The study provides real-world evidence of eculizumab's effectiveness and safety in AQP4-IgG-positive NMOSD patients.

## Key findings

- Eculizumab reduced annualized relapse rates from 1.1 to 0.1 during treatment.
- Relapse-free status improved from 6.5% to 80.4%.
- Mean EDSS scores improved from 4.2 to 3.6 over 24 months.

## Abstract

To evaluate the real-world effectiveness and safety of eculizumab in patients with AQP4-IgG–positive neuromyelitis optica spectrum disorder (NMOSD) and to identify predictors of disability outcomes.

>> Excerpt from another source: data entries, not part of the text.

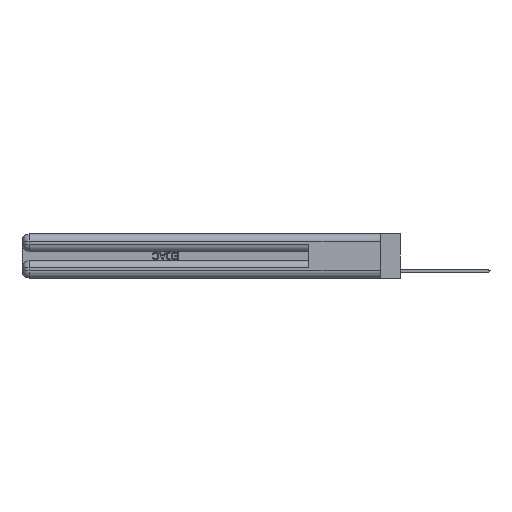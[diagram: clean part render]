
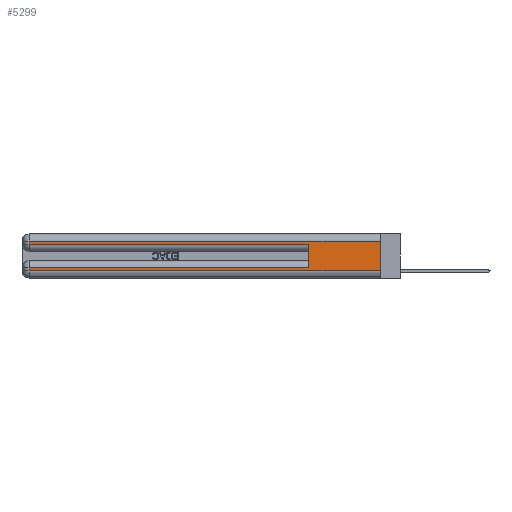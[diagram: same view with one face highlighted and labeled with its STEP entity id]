
A CAD part, left-side view. The second image highlights one B-rep face of the part: STEP entity #5299.
In plain terms, the highlighted planar face has unit normal (-1, 0, 0).
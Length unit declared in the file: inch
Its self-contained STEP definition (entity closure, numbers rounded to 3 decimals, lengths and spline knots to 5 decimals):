
#587 = VERTEX_POINT ( 'NONE', #14559 ) ;
#1000 = ORIENTED_EDGE ( 'NONE', *, *, #15382, .T. ) ;
#1192 = EDGE_LOOP ( 'NONE', ( #26152, #6232, #7238, #14919, #10484, #29445, #1000, #7794 ) ) ;
#1599 = EDGE_CURVE ( 'NONE', #5173, #587, #15734, .T. ) ;
#1725 = CARTESIAN_POINT ( 'NONE',  ( 0., 2.94, 0.285 ) ) ;
#1994 = VECTOR ( 'NONE', #28583, 39.37008 ) ;
#1998 = EDGE_CURVE ( 'NONE', #13003, #22867, #7352, .T. ) ;
#2546 = DIRECTION ( 'NONE',  ( 0., 0., -1. ) ) ;
#4533 = EDGE_CURVE ( 'NONE', #13003, #16914, #11174, .T. ) ;
#5173 = VERTEX_POINT ( 'NONE', #19941 ) ;
#5299 = ADVANCED_FACE ( 'NONE', ( #14034 ), #11332, .F. ) ;
#5935 = DIRECTION ( 'NONE',  ( 0., 0., -1. ) ) ;
#6226 = CARTESIAN_POINT ( 'NONE',  ( 0., 2.94, 0.37 ) ) ;
#6232 = ORIENTED_EDGE ( 'NONE', *, *, #1998, .T. ) ;
#6584 = DIRECTION ( 'NONE',  ( 0., -1., 0. ) ) ;
#7020 = VECTOR ( 'NONE', #9056, 39.37008 ) ;
#7238 = ORIENTED_EDGE ( 'NONE', *, *, #19947, .T. ) ;
#7352 = LINE ( 'NONE', #9315, #10165 ) ;
#7400 = VECTOR ( 'NONE', #15231, 39.37008 ) ;
#7633 = VERTEX_POINT ( 'NONE', #12312 ) ;
#7794 = ORIENTED_EDGE ( 'NONE', *, *, #27882, .T. ) ;
#9056 = DIRECTION ( 'NONE',  ( 0., 0., -1. ) ) ;
#9315 = CARTESIAN_POINT ( 'NONE',  ( 0., 0., 0.31 ) ) ;
#9971 = LINE ( 'NONE', #23872, #7400 ) ;
#10165 = VECTOR ( 'NONE', #27752, 39.37008 ) ;
#10484 = ORIENTED_EDGE ( 'NONE', *, *, #10731, .F. ) ;
#10731 = EDGE_CURVE ( 'NONE', #5173, #28042, #13011, .T. ) ;
#11113 = CARTESIAN_POINT ( 'NONE',  ( 0., 0., 0.06 ) ) ;
#11174 = LINE ( 'NONE', #29757, #7020 ) ;
#11332 = PLANE ( 'NONE',  #13795 ) ;
#12312 = CARTESIAN_POINT ( 'NONE',  ( 0., 2.94, 0.06 ) ) ;
#12334 = CARTESIAN_POINT ( 'NONE',  ( 0., 0., 0.31 ) ) ;
#12864 = CARTESIAN_POINT ( 'NONE',  ( 0., 0.6, 0.145 ) ) ;
#13003 = VERTEX_POINT ( 'NONE', #12334 ) ;
#13011 = LINE ( 'NONE', #12864, #19237 ) ;
#13795 = AXIS2_PLACEMENT_3D ( 'NONE', #16156, #27796, #2546 ) ;
#13884 = EDGE_CURVE ( 'NONE', #15890, #28042, #26451, .T. ) ;
#14034 = FACE_OUTER_BOUND ( 'NONE', #1192, .T. ) ;
#14234 = CARTESIAN_POINT ( 'NONE',  ( 0., 0., 0.06 ) ) ;
#14559 = CARTESIAN_POINT ( 'NONE',  ( 0., 2.94, 0.085 ) ) ;
#14919 = ORIENTED_EDGE ( 'NONE', *, *, #13884, .T. ) ;
#15231 = DIRECTION ( 'NONE',  ( 0., 0., -1. ) ) ;
#15382 = EDGE_CURVE ( 'NONE', #587, #7633, #9971, .T. ) ;
#15734 = LINE ( 'NONE', #20551, #15844 ) ;
#15844 = VECTOR ( 'NONE', #29791, 39.37008 ) ;
#15890 = VERTEX_POINT ( 'NONE', #1725 ) ;
#16156 = CARTESIAN_POINT ( 'NONE',  ( 0., 0., 0.37 ) ) ;
#16545 = CARTESIAN_POINT ( 'NONE',  ( 0., 2.94, 0.31 ) ) ;
#16914 = VERTEX_POINT ( 'NONE', #14234 ) ;
#18641 = VECTOR ( 'NONE', #6584, 39.37008 ) ;
#19237 = VECTOR ( 'NONE', #22229, 39.37008 ) ;
#19941 = CARTESIAN_POINT ( 'NONE',  ( 0., 0.6, 0.085 ) ) ;
#19947 = EDGE_CURVE ( 'NONE', #22867, #15890, #28611, .T. ) ;
#20551 = CARTESIAN_POINT ( 'NONE',  ( 0., 0., 0.085 ) ) ;
#22229 = DIRECTION ( 'NONE',  ( 0., 0., 1. ) ) ;
#22296 = LINE ( 'NONE', #11113, #18641 ) ;
#22867 = VERTEX_POINT ( 'NONE', #16545 ) ;
#23872 = CARTESIAN_POINT ( 'NONE',  ( 0., 2.94, 0.37 ) ) ;
#24657 = VECTOR ( 'NONE', #5935, 39.37008 ) ;
#25762 = CARTESIAN_POINT ( 'NONE',  ( 0., 0.6, 0.285 ) ) ;
#26152 = ORIENTED_EDGE ( 'NONE', *, *, #4533, .F. ) ;
#26153 = CARTESIAN_POINT ( 'NONE',  ( 0., 0., 0.285 ) ) ;
#26451 = LINE ( 'NONE', #26153, #1994 ) ;
#27752 = DIRECTION ( 'NONE',  ( 0., 1., 0. ) ) ;
#27796 = DIRECTION ( 'NONE',  ( 1., 0., 0. ) ) ;
#27882 = EDGE_CURVE ( 'NONE', #7633, #16914, #22296, .T. ) ;
#28042 = VERTEX_POINT ( 'NONE', #25762 ) ;
#28583 = DIRECTION ( 'NONE',  ( 0., -1., 0. ) ) ;
#28611 = LINE ( 'NONE', #6226, #24657 ) ;
#29445 = ORIENTED_EDGE ( 'NONE', *, *, #1599, .T. ) ;
#29757 = CARTESIAN_POINT ( 'NONE',  ( 0., 0., 0.37 ) ) ;
#29791 = DIRECTION ( 'NONE',  ( 0., 1., 0. ) ) ;

This multinational, retrospective cohort study analyzed data from 46 patients across 26 centers. The outcomes included the annualized relapse rate (ARR), relapse-free status, change in expanded disability status scale (EDSS) scores, and adverse events. To identify predictors of EDSS improvement or worsening, patients were stratified into subgroups (improved vs. stable/worsened) at each follow-up time point and compared based on demographic, clinical, and radiological variables.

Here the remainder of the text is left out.